Just to add, be bloody careful driving after being sedated. As in in an insurance term. You get advised about operating machinery etc, you don't have to inform your insurance but if you had an accident this might go against you. 24hr rule of thumb with sedation wipes out most of Tuesday. Personally I wouldn't risk driving until Wed if you get knocked out or your op is late in the day. 

Put this to them to get an extension on your grace period.

Best of luck buddy, you'll get a chance to enjoy it without all this grief soon enough!


----------



## Blade1 (Aug 17, 2011)

PaulH0070 said:


> Christ, what an arse ache. Hope you get sorted Blade.
> 
> Just to add, be bloody careful driving after being sedated. As in in an insurance term. You get advised about operating machinery etc, you don't have to inform your insurance but if you had an accident this might go against you. 24hr rule of thumb with sedation wipes out most of Tuesday. Personally I wouldn't risk driving until Wed if you get knocked out or your op is late in the day.
> 
> ...


I have a family member driving me to and from the hospital tomorrow (in a different car) so I'm good there. I had the exact same surgery done last year actually and was working from home in the afternoon lol but yes the sedation is strong. I won't be knocked out.

Said family member can also take the car to the specialist and I will be a passenger so that's good.

Op is in the morning but yes I won't be risking anything. I always go on the principle that it takes ages to get a car like this (saving up etc) but just a few seconds to lose it all.

What worries me is I can get a report from the specialist but it will be a few paragraphs but Admiral may say they want a full 20 page report of the car's technical spec (which is costly). They didn't have a clue on the phone but sods law I am sure they will play silly buggers.

I've contacted Pace Ward, will see what they say. Worst case I go with CCI, stage 4 sounds like a must lol so I'd just have to take hit in insurance.

Lesson learnt don't play with quotes. Not sure now if someone played with quotes on my number plate (say a passer by who happened to be into these cars), will I get stung??? Even if they use a different name and post code.

It does suck, my ownership experience has been marred with problems. First my drive, and now this. Neither is unsolvable but it's just more things to do and worry about.  

Still, great car!


----------



## jrattan (Oct 23, 2014)

Blade1 said:


> I have a family member driving me to and from the hospital tomorrow (in a different car) so I'm good there.

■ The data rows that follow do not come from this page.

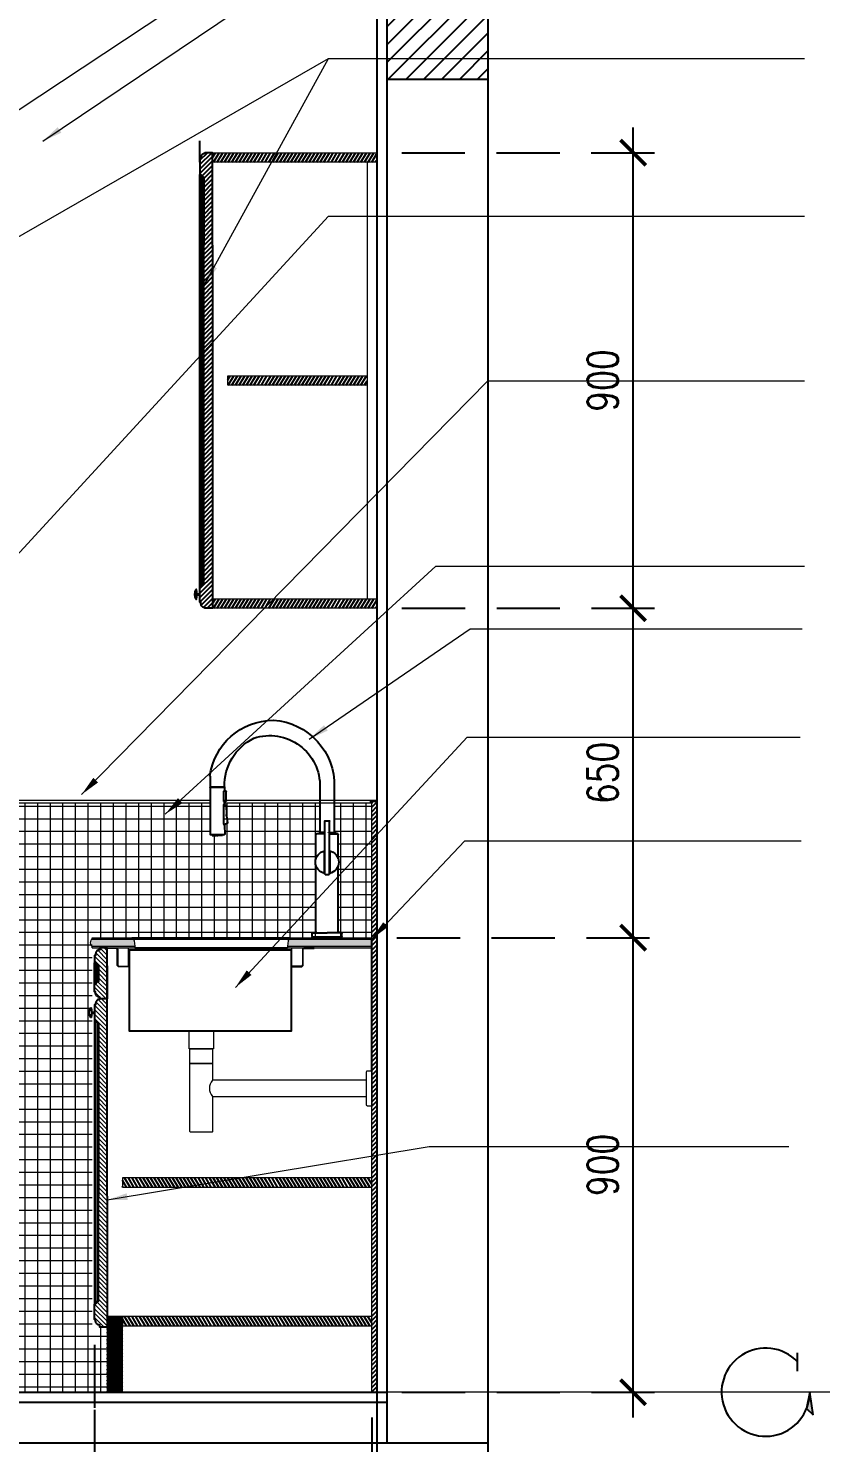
# Model space of a CAD drawing. Header units: inches. Extents: x -12478 to 399182, y -23212 to 525552.
# Drawn here: x 18756 to 20325, y -9161 to -6360 of the extents above; entities that cross this region are included whole.
import ezdxf

# ---------------------------------------------------------------- set-up
doc = ezdxf.new("R2010")
doc.units = ezdxf.units.IN
doc.header["$LTSCALE"] = 1000
doc.header["$MEASUREMENT"] = 0
for name, pattern in [('DASHED', [0.75, 0.5, -0.25]), ('HIDDEN', [0.375, 0.25, -0.125]), ('HIDDEN2', [0.1875, 0.125, -0.0625]), ('PR11_AL Kaabi_Villa_GF-07_Make up & Toilet$0$HIDDEN2', [4.7625, 3.175, -1.5875])]:
    doc.linetypes.add(name, pattern=pattern)
for name, color, linetype in [('8', 8, 'Continuous'), ('A-DIM', 9, 'Continuous'), ('A-Hidden', 8, 'HIDDEN'), ('CQ Grg Gypsum', 41, 'Continuous'), ('CQ SPOT DETAILS', 40, 'Continuous'), ('Layer1', 1, 'Continuous'), ('Layer3', 3, 'Continuous'), ('Layer7', 8, 'Continuous'), ('MARBLE 2', 6, 'Continuous'), ('SANITARY WARES', 212, 'Continuous')]:
    doc.layers.add(name, color=color, linetype=linetype)
for name, color, linetype, lineweight in [('CQ Marble', 6, 'Continuous', 0), ('ID-NOTES', 3, 'Continuous', 0), ('Sanitaire', 253, 'Continuous', 0), ('Sanitary', 253, 'Continuous', 0)]:
    doc.layers.add(name, color=color, linetype=linetype, lineweight=lineweight)
doc.styles.get("Standard").update_dxf_attribs({"font": 'arial.ttf'})
doc.styles.add('ZZ-Dim All', font='romans.shx', dxfattribs={"width": 0.8})
doc.dimstyles.new('DIM 0200', dxfattribs={"dimscale": 200, "dimtxt": 1, "dimasz": 0.8, "dimexe": 0.5, "dimexo": 1, "dimgap": 0.4, "dimtad": 1, "dimdec": 0, "dimrnd": 10, "dimdsep": 46, "dimtxsty": 'ZZ-Dim All', "dimblk1": 'ARCHTICK', "dimblk2": 'ARCHTICK', "dimsah": 1, "dimcen": 1, "dimdle": 0.5, "dimclrd": 256, "dimclre": 256, "dimclrt": 256, "dimadec": 0, "dimazin": 2, "dimtfac": 1, "dimtdec": 0, "dimtix": 1, "dimtmove": 2, "dimatfit": 2, "dimfxl": 1, "dimfxlon": 1, "dimtolj": 1, "dimtzin": 0, "dimlwd": -1, "dimlwe": -1, "dimarcsym": 0})
doc.dimstyles.new('DIM-100', dxfattribs={"dimscale": 50, "dimtxt": 1.25, "dimasz": 1, "dimexe": 1, "dimexo": 1, "dimgap": 0.6, "dimtad": 1, "dimdec": 0, "dimrnd": 5, "dimdsep": 46, "dimtxsty": 'ZZ-Dim All', "dimblk1": 'ARCHTICK', "dimblk2": 'ARCHTICK', "dimsah": 1, "dimcen": 1, "dimdle": 1, "dimclrd": 256, "dimclre": 8, "dimclrt": 256, "dimazin": 2, "dimtfac": 1, "dimtdec": 0, "dimtix": 1, "dimtmove": 2, "dimatfit": 2, "dimfxl": 0.1, "dimtolj": 1, "dimtzin": 0, "dimlwd": -1, "dimlwe": -1, "dimarcsym": 0})
pattern_1 = [(45, (-27890.277, 9060.65), (-4.4194174, 4.4194174), [])]

# ---------------------------------------------------------------- blocks, each defined once
blk = doc.blocks.new('A$Cc1a19ef2')
at = {"layer": 'Layer7'}
h = blk.add_hatch(dxfattribs=at)
h.set_pattern_fill('ANSI31', color=256, scale=50, style=0)
h.set_pattern_definition([(58.971423, (-38816.766, -48687.712), (-5.35568947, 3.22165956), [])])
h.paths.add_polyline_path([(0, 424.6), (0, 406.1), (493.4, 406.1), (493.4, 424.6)])
h = blk.add_hatch(dxfattribs=at)
h.set_pattern_fill('ANSI31', color=256, scale=50, style=0)
h.set_pattern_definition([(58.971423, (-38816.766, -48962.3396), (-5.35568947, 3.22165956), [])])
h.paths.add_polyline_path([(0, 150), (0, 131.5), (493.4, 131.5), (493.4, 150)])
at = {"layer": 'MARBLE 2', "ltscale": 0.1}
h = blk.add_hatch(dxfattribs=at)
h.set_pattern_fill('ANSI38', color=8, scale=30, style=0)
h.set_pattern_definition([(58.971423, (-43633.7828, -46815.273), (-3.21341368, 1.93299574), []), (148.971423, (-43633.7828, -46815.273), (-8.3598231, 0.6525778), [9.375, -5.625])])
h.paths.add_polyline_path([(523.4, 150), (518.4, 150), (493.4, 150), (493.4, 0), (523.4, 0)])
at = {"layer": 'Sanitaire'}
h = blk.add_hatch(dxfattribs=at)
h.set_pattern_fill('MUDST', color=8, scale=10, angle=45)
edge = h.paths.add_edge_path()
edge.add_ellipse((553.4, 890), major_axis=(0, 7), ratio=0.428571, start_angle=180, end_angle=360)
edge.add_line((553.4, 897), (472, 897))
edge.add_arc((476.8, 892.1), 6.83, 134.5945, 166.6175)
edge.add_line((470.2, 893.7), (468.6, 883))
edge.add_line((468.6, 883), (553.4, 883))
h.paths.add_polyline_path([(553.4, 900), (498.1, 900), (475.1, 900, 0.414214), (473.1, 898), (473.1, 897), (553.4, 897)])
h.paths.add_polyline_path([(553.4, 883), (507.4, 883), (507.4, 880), (553.4, 880)])
h.paths.add_polyline_path([(507.4, 883), (468.6, 883), (468.6, 880), (497.8, 880, -0.015064), (498.1, 880), (507.4, 880)])
h.paths.add_polyline_path([(167.7, 883), (0, 883), (0, 880), (167.7, 880)])
edge = h.paths.add_edge_path()
edge.add_line((166.9, 883), (165.3, 893.7))
edge.add_arc((158.7, 892.1), 6.83, 13.3825, 45.4055)
edge.add_line((163.5, 897), (0, 897))
edge.add_line((0, 897), (0, 883))
edge.add_line((0, 883), (166.9, 883))
edge = h.paths.add_edge_path()
edge.add_arc((160.4, 898), 2, 360, 450)
edge.add_line((160.4, 900), (0, 900))
edge.add_line((0, 900), (0, 897))
edge.add_line((0, 897), (162.4, 897))
edge.add_line((162.4, 897), (162.4, 898))
h = blk.add_hatch(dxfattribs=at)
h.set_pattern_fill('ANSI31', color=8, scale=50)
h.set_pattern_definition(pattern_1)
h.paths.add_polyline_path([(540.9, 844.5), (542.9, 844.5, -0.414214), (546.4, 848), (546.4, 850), (548.4, 850), (548.4, 865), (546.4, 865), (546.4, 868, 0.414214), (538.4, 876), (538.4, 880), (523.4, 880), (523.4, 779), (538.4, 779), (538.4, 782, 0.414214), (546.4, 790), (546.4, 793), (548.4, 793), (548.4, 808), (546.4, 808), (546.4, 810, -0.414214), (542.9, 813.5), (540.9, 813.5)])
edge = h.paths.add_edge_path()
edge.add_line((523.4, 455.5), (540.9, 455.5))
edge.add_line((540.9, 455.5), (540.9, 731))
edge.add_line((540.9, 731), (542.9, 731))
edge.add_arc((546.4, 731), 3.54, 90, 180, ccw=False)
edge.add_line((546.4, 734.5), (546.4, 736.5))
edge.add_line((546.4, 736.5), (548.4, 736.5))
edge.add_line((548.4, 736.5), (548.4, 767))
edge.add_line((548.4, 767), (546.4, 767))
edge.add_line((546.4, 767), (546.4, 770))
edge.add_arc((538.4, 770), 8, 0, 90)
edge.add_line((538.4, 778), (538.4, 779))
edge.add_line((538.4, 779), (523.4, 779))
edge.add_line((523.4, 779), (523.4, 455.5))
h = blk.add_hatch(dxfattribs=at)
h.set_pattern_fill('ANSI31', color=8, scale=50)
h.set_pattern_definition(pattern_1)
edge = h.paths.add_edge_path()
edge.add_line((523.4, 455.5), (540.9, 455.5))
edge.add_line((540.9, 455.5), (540.9, 180))
edge.add_line((540.9, 180), (542.9, 180))
edge.add_arc((546.4, 180), 3.54, 180, 270)
edge.add_line((546.4, 176.5), (546.4, 174.5))
edge.add_line((546.4, 174.5), (548.4, 174.5))
edge.add_line((548.4, 174.5), (548.4, 144))
edge.add_line((548.4, 144), (546.4, 144))
edge.add_line((546.4, 144), (546.4, 141))
edge.add_arc((538.4, 141), 8, 270, 360, ccw=False)
edge.add_line((538.4, 133), (538.4, 132))
edge.add_line((538.4, 132), (523.4, 132))
edge.add_line((523.4, 132), (523.4, 455.5))
h.paths.add_polyline_path([(523.4, 129), (538.4, 129), (538.4, 132), (523.4, 132)])
at = {"color": 1}
for p, q in [((320, 1219.6, 0), (320, 1198.6, 0)), ((74, 1198, 0), (74, 1108.9, 0)), ((102.5, 1198, 0), (102.5, 1108.9, 0)), ((287.8, 1170.7, 0), (287.8, 1189.3, 0)), ((288.6, 1190.1, 0), (292.5, 1190.2, 0)), ((291.1, 1197.2, 0), (291.1, 1191.2, 0)), ((319.4, 1197.7, 0), (291.7, 1197.7, 0)), ((292.2, 1190.7, 0), (291.8, 1190.7, 0)), ((291.9, 1197.8, 0), (319.3, 1197.8, 0)), ((292.5, 1170.8, 0), (292.6, 1189.2, 0)), ((296.2, 1197.7, 0), (296.2, 1197.8, 0)), ((314.8, 1197.7, 0), (314.8, 1197.8, 0)), ((320, 1197.2, 0), (320, 1104.3, 0)), ((287.8, 1161.4, 0), (287.7, 1143.6, 0)), ((292.4, 1169.8, 0), (288.6, 1169.9, 0)), ((291.2, 1164.6, 0), (291.2, 1168.8, 0)), ((291.7, 1169.3, 0), (292.2, 1169.3, 0)), ((292.2, 1164.1, 0), (291.7, 1164.1, 0)), ((292.4, 1124.6, 0), (292.5, 1162.6, 0)), ((83.5, 1025.9, 0), (83.5, 1130.5, 0)), ((92.3, 1131.3, 0), (84.3, 1131.3, 0)), ((93, 1025.9, 0), (93, 1130.5, 0)), ((287.5, 1141.1, 0), (285.5, 1127.1, 0)), ((291.1, 1122.6, 0), (291, 1104.3, 0)), ((291.6, 1123.1, 0), (292, 1123.1, 0)), ((66.3, 1056.3, 0), (66.3, 1104.3, 0)), ((67.2, 1105.5, 0), (73.8, 1107.3, 0)), ((83.5, 1105.5, 0), (67.2, 1105.5, 0)), ((83.5, 1107.4, 0), (74, 1107.4, 0)), ((74.2, 1107.4, 0), (74.2, 1107.8, 0)), ((83.5, 1108.1, 0), (74.6, 1108.1, 0)), ((93, 1108.1, 0), (102, 1108.1, 0)), ((93, 1107.4, 0), (102.5, 1107.4, 0)), ((93, 1105.5, 0), (109.3, 1105.5, 0)), ((95.5, 1107.4, 0), (95.5, 1107.6, 0)), ((96.7, 1107.4, 0), (96.7, 1108.1, 0)), ((102.4, 1107.4, 0), (102.4, 1107.8, 0)), ((109.3, 1105.5, 0), (102.8, 1107.3, 0)), ((110.3, 1056.3, 0), (110.3, 1104.3, 0)), ((319.8, 1104.1, 0), (291.2, 1104.1, 0)), ((294.9, 1102.8, 0), (294.8, 1104, 0)), ((295.1, 1102.6, 0), (296.3, 1102.6, 0)), ((296.1, 1102.8, 0), (296, 1104, 0)), ((296.3, 1102.6, 0), (297.9, 1102.6, 0)), ((298.1, 1102.8, 0), (298.2, 1103.9, 0)), ((298.3, 1102.8, 0), (298.2, 1104, 0)), ((298.5, 1102.6, 0), (300.1, 1102.6, 0)), ((300.3, 1102.8, 0), (300.4, 1104, 0)), ((301.2, 1102.8, 0), (301.1, 1104, 0)), ((301.4, 1102.6, 0), (303, 1102.6, 0)), ((303.2, 1102.8, 0), (303.3, 1104, 0)), ((304.5, 1102.8, 0), (304.4, 1104, 0)), ((306.4, 1102.6, 0), (304.7, 1102.6, 0)), ((306.6, 1102.8, 0), (306.6, 1104, 0)), ((307.9, 1102.8, 0), (307.8, 1104, 0)), ((309.7, 1102.6, 0), (308.1, 1102.6, 0)), ((309.9, 1102.8, 0), (310, 1104, 0)), ((310.8, 1102.8, 0), (310.7, 1104, 0)), ((312.6, 1102.6, 0), (311, 1102.6, 0)), ((312.8, 1102.8, 0), (312.9, 1104, 0)), ((313, 1102.8, 0), (312.9, 1103.9, 0)), ((314.8, 1102.6, 0), (313.2, 1102.6, 0)), ((316, 1102.6, 0), (314.8, 1102.6, 0)), ((315, 1102.8, 0), (315.1, 1104, 0)), ((316.2, 1102.8, 0), (316.2, 1104, 0)), ((82.9, 1071.6, 0), (82.9, 1027.5, 0)), ((82.9, 1033.3, 0), (82.9, 1065.6, 0)), ((83.5, 1064, 0), (82.9, 1064.6, 0)), ((83.1, 1068.7, 0), (83, 1068.6, 0)), ((83.1, 1070, 0), (83.1, 1068.7, 0)), ((83.5, 1068.8, 0), (83.1, 1068.7, 0)), ((93, 1068.8, 0), (93.5, 1068.7, 0)), ((93, 1064, 0), (93.7, 1064.6, 0)), ((93.5, 1070, 0), (93.5, 1068.7, 0)), ((93.5, 1068.7, 0), (93.6, 1068.6, 0)), ((93.7, 1071.6, 0), (93.7, 1027.5, 0)), ((93.7, 1033.3, 0), (93.7, 1065.6, 0)), ((66.3, 913.5, 0), (66.3, 1042.8, 0)), ((110.3, 913.5, 0), (110.3, 1042.8, 0)), ((83.5, 1035.1, 0), (82.9, 1034.5, 0)), ((83.1, 1030.4, 0), (83, 1030.5, 0)), ((83.1, 1029.1, 0), (83.1, 1030.4, 0)), ((83.5, 1030.4, 0), (83.1, 1030.4, 0)), ((92.3, 1025.2, 0), (84.3, 1025.2, 0)), ((93, 1035.1, 0), (93.7, 1034.5, 0)), ((93, 1030.4, 0), (93.5, 1030.4, 0)), ((93.5, 1030.4, 0), (93.6, 1030.5, 0)), ((93.5, 1029.1, 0), (93.5, 1030.4, 0)), ((58.8, 903.1, 0), (58.8, 908, 0)), ((59, 900.2, 0), (59, 901.5, 0)), ((117.4, 900, 0), (59.2, 900, 0)), ((117.2, 901.8, 0), (59.3, 901.8, 0)), ((59.7, 909.3, 0), (64, 910.4, 0)), ((59.7, 909.3, 0), (88.3, 909.3, 0)), ((116.9, 909.3, 0), (88.3, 909.3, 0)), ((116.9, 909.3, 0), (112.6, 910.4, 0)), ((117.6, 900.2, 0), (117.5, 901.5, 0)), ((117.8, 903.1, 0), (117.8, 908, 0))]:
    blk.add_line(p, q, dxfattribs=at)
at = {"color": 8}
for p, q in [((475.1, 900, 0), (160.4, 900, 0)), ((162.4, 897, 0), (472.6, 897, 0)), ((468.6, 880, 0), (166.9, 880, 0)), ((554.2, 752.6, 0), (548.4, 752.6, 0)), ((554.2, 750.6, 0), (548.4, 750.6, 0))]:
    blk.add_line(p, q, dxfattribs=at)
at = {"color": 1}
for centre, radius, start, end in [((202.8, 1202, 0), 128.8, 93.6154, 181.749), ((194.7, 1204.2, 0), 126.3, 6.9893, 90), ((201.7, 1200.9, 0), 99.2, 71.5084, 181.6509), ((187.9, 1202.1, 0), 103.3, 358.0444, 64.0119), ((288.6, 1189.3, 0), 0.842, 93.7556, 177.2165), ((292, 1198.6, 0), 0.828, 185.0638, 267.4709), ((291.8, 1197.1, 0), 0.667, 94.2138, 165.5057), ((291.8, 1191.4, 0), 0.732, 198.1411, 265.4865), ((290.8, 1189.7, 0), 1.7, 14.9455, 33.9504), ((289, 1189.2, 0), 3.6, 359.924, 15.8521), ((319.1, 1198.8, 0), 1.01, 281.0247, 346.6857), ((319.4, 1197.1, 0), 0.667, 14.4943, 85.6659), ((288.7, 1170.8, 0), 0.92, 186.98, 262.0411), ((288.9, 1161.3, 0), 1.09, 109.4917, 176.1918), ((294.4, 1141.6, 0), 21.6, 95.1667, 106.0114), ((291.8, 1168.8, 0), 0.538, 93.9805, 175.9321), ((291.7, 1164.7, 0), 0.528, 182.8631, 266.9117), ((290.7, 1170.3, 0), 1.72, 325.8649, 344.7941), ((289.8, 1162.8, 0), 2.69, 357.0414, 30.4455), ((289, 1170.8, 0), 3.52, 343.641, 359.9717), ((84.3, 1130.5, 0), 0.762, 90, 180), ((92.3, 1130.5, 0), 0.762, 0, 90), ((286.5, 1127, 0), 1, 172.1448, 241.3736), ((294.4, 1141.6, 0), 17.7, 241.5324, 263.2932), ((269.2, 1143.7, 0), 18.5, 351.9693, 359.6514), ((291.6, 1122.5, 0), 0.551, 92.2888, 174.5185), ((289.3, 1124.5, 0), 3.07, 331.3955, 0.5829), ((67.6, 1104.2, 0), 1.33, 107.523, 178.1962), ((74.1, 1106.1, 0), 1.24, 93.4779, 104.6807), ((74.9, 1109, 0), 0.828, 184.3419, 265.1993), ((74.6, 1107.7, 0), 0.408, 93.131, 175.414), ((95, 1107.6, 0), 0.534, 2.0341, 87.1921), ((101.7, 1109, 0), 0.828, 274.8007, 355.6581), ((102, 1107.7, 0), 0.408, 4.586, 86.869), ((102.5, 1106.1, 0), 1.24, 75.3193, 86.5221), ((108.9, 1104.2, 0), 1.33, 1.8038, 72.477), ((291.3, 1104.3, 0), 0.214, 183.3248, 265.4218), ((294.7, 1103.9, 0), 0.16, 4.2, 49.9652), ((295.1, 1102.8, 0), 0.21, 186.614, 267.586), ((295.8, 1103.9, 0), 0.16, 4.2, 49.9652), ((296.3, 1102.8, 0), 0.21, 186.614, 267.586), ((297.9, 1102.8, 0), 0.239, 278.3008, 347.6213), ((298, 1103.9, 0), 0.16, 4.2, 50.0099), ((298.5, 1102.8, 0), 0.21, 186.614, 267.586), ((300.1, 1102.8, 0), 0.239, 278.3008, 347.6213), ((300.5, 1103.9, 0), 0.16, 129.9901, 175.8), ((301, 1103.9, 0), 0.16, 4.2, 50.0394), ((301.4, 1102.8, 0), 0.21, 186.614, 267.586), ((303, 1102.8, 0), 0.239, 278.3008, 347.6213), ((303.5, 1103.9, 0), 0.16, 129.9606, 175.8), ((304.3, 1103.9, 0), 0.16, 4.2, 50.0394), ((304.7, 1102.8, 0), 0.21, 186.614, 267.586), ((306.4, 1102.8, 0), 0.21, 272.414, 353.386), ((306.8, 1103.9, 0), 0.16, 129.9606, 175.8), ((307.6, 1103.9, 0), 0.16, 4.2, 50.0394), ((308.1, 1102.8, 0), 0.239, 192.3787, 261.6992), ((309.7, 1102.8, 0), 0.21, 272.414, 353.386), ((310.1, 1103.9, 0), 0.16, 129.9606, 175.8), ((310.5, 1103.9, 0), 0.16, 4.2, 50.0099), ((311, 1102.8, 0), 0.239, 192.3787, 261.6992), ((312.6, 1102.8, 0), 0.21, 272.414, 353.386), ((313.1, 1103.9, 0), 0.16, 129.9901, 175.8), ((313.2, 1102.8, 0), 0.239, 192.3787, 261.6992), ((314.8, 1102.8, 0), 0.21, 272.414, 353.386), ((315.2, 1103.9, 0), 0.16, 130.0348, 175.8), ((316, 1102.8, 0), 0.21, 272.414, 353.386), ((316.4, 1103.9, 0), 0.16, 130.0348, 175.8), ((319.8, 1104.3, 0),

I had the exact same surgery done last year actually and was working from home in the afternoon lol but yes the sedation is strong.
> 
> Said family member can also take the car to the specialist and I will be a passenger so that's good.
> 
> ...




Very unlikely as the profile is against your name, address and car ref.

And yes confused.com is an aggregator website, therefore it plugs in all of the information very quickly to a proxy which is like going in the back end and producing the quote. Therefore the insurer has your info by the time you click get policy. Also hence why they say make sure you re-check your details as they could've entered in the wrong field using their logic.


----------



## Blade1 (Aug 17, 2011)

jrattan said:


> Very unlikely as the profile is against your name, address and car ref.
> 
> And yes confused.com is an aggregator website, therefore it plugs in all of the information very quickly to a proxy which is like going in the back end and producing the quote. Therefore the insurer has your info by the time you click get policy. Also hence why they say make sure you re-check your details as they could've entered in the wrong field using their logic.


Fair enough. Yep, I will be more careful now and if I am looking at mods I will discuss over the phone.


----------



## Trevgtr (Dec 24, 2012)

Since when do you have to prove that your car is standard? 

I would tell them to get stuffed and insure it with someone else.


----------



## jrattan (Oct 23, 2014)

Yeah it's a mine field. The motor sector is getting hammered with losses, largely due to fraud and whiplash claims. So expect more rigorous vetting and claims processes across the board.
Just to give you an idea of the extent they go to, the people on the phone (especially claims) get training on fraud, where it goes to the extent to pick up characteristics of people lying, some even have some sort of technology installed on their lines to pick up on it - who knew eh! 
Hence the movement towards black boxes as well, all cos most companies are making losses and if they don't give you these low premiums they won't generate enough income to cover their fixed costs and will go under.


----------



## Blade1 (Aug 17, 2011)

I got quotes for a modified car online as it was/is quick and easy to do, and I don't have to call up and explain to the person on the phone what each mod is. For example, what is a "little remap"?

I can understand where the insurer is coming from but benefit of the doubt should also apply.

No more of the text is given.